▸ DIRECTIONS FOR THIS TASK
If a line in the listing below has the string "schematic", copy it out.

▸ RECORDS FOR THE EXERCISE
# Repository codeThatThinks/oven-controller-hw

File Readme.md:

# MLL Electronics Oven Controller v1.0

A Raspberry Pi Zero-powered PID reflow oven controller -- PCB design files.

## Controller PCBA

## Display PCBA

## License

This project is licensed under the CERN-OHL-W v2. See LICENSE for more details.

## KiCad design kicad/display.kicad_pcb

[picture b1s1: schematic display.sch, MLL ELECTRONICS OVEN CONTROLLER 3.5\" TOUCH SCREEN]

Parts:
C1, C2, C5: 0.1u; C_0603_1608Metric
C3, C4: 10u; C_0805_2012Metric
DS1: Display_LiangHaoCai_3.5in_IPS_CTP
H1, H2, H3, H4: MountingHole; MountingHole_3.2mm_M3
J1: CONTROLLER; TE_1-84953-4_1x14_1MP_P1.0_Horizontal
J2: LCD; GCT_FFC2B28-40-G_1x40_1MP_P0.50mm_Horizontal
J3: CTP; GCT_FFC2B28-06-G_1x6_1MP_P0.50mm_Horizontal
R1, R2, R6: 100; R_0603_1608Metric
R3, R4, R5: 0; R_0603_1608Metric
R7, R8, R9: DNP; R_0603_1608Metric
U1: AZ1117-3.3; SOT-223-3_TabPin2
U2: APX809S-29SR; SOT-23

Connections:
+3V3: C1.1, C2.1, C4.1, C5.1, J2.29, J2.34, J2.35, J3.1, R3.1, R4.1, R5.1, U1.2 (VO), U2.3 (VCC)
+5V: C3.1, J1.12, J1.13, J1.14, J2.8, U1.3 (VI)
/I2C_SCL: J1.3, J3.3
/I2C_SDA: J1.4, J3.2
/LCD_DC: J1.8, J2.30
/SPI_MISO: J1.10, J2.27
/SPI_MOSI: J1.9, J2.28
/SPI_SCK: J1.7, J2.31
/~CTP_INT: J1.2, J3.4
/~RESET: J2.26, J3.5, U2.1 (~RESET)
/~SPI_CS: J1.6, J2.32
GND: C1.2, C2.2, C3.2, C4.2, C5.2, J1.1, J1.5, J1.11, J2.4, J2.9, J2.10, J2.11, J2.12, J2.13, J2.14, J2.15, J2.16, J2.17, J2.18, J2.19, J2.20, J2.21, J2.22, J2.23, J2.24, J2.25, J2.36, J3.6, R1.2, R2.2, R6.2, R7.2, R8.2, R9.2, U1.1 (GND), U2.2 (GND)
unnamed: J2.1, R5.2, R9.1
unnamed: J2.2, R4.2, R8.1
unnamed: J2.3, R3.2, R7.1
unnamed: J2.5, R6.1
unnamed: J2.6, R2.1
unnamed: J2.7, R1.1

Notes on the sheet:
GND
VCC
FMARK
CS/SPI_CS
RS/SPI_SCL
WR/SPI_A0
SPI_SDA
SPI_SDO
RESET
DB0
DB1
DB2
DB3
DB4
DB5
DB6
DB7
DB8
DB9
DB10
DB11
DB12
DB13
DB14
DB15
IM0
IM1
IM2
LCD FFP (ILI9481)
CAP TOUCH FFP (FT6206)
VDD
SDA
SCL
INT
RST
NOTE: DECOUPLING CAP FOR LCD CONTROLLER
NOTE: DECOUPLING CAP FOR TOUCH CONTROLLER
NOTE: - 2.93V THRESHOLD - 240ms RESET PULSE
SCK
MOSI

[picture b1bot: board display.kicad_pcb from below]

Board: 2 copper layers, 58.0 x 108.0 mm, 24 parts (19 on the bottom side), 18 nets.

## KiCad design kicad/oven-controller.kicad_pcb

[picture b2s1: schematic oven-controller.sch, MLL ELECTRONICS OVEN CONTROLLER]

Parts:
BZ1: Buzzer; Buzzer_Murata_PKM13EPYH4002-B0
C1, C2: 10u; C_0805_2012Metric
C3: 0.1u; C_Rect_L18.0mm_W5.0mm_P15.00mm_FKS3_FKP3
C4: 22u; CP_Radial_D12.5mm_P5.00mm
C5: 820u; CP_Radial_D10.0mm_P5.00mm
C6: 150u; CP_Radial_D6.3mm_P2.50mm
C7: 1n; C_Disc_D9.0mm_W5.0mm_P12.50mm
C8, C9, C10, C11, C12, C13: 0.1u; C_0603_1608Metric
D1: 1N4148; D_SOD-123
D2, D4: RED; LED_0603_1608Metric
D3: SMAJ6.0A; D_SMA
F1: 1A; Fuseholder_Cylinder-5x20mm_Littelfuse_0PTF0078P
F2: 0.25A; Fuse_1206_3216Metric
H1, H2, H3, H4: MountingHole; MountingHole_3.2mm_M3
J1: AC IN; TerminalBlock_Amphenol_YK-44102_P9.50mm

▸ RESPONSE AREA
[picture b1s1: schematic display.sch, MLL ELECTRONICS OVEN CONTROLLER 3.5\" TOUCH SCREEN]
[picture b2s1: schematic oven-controller.sch, MLL ELECTRONICS OVEN CONTROLLER]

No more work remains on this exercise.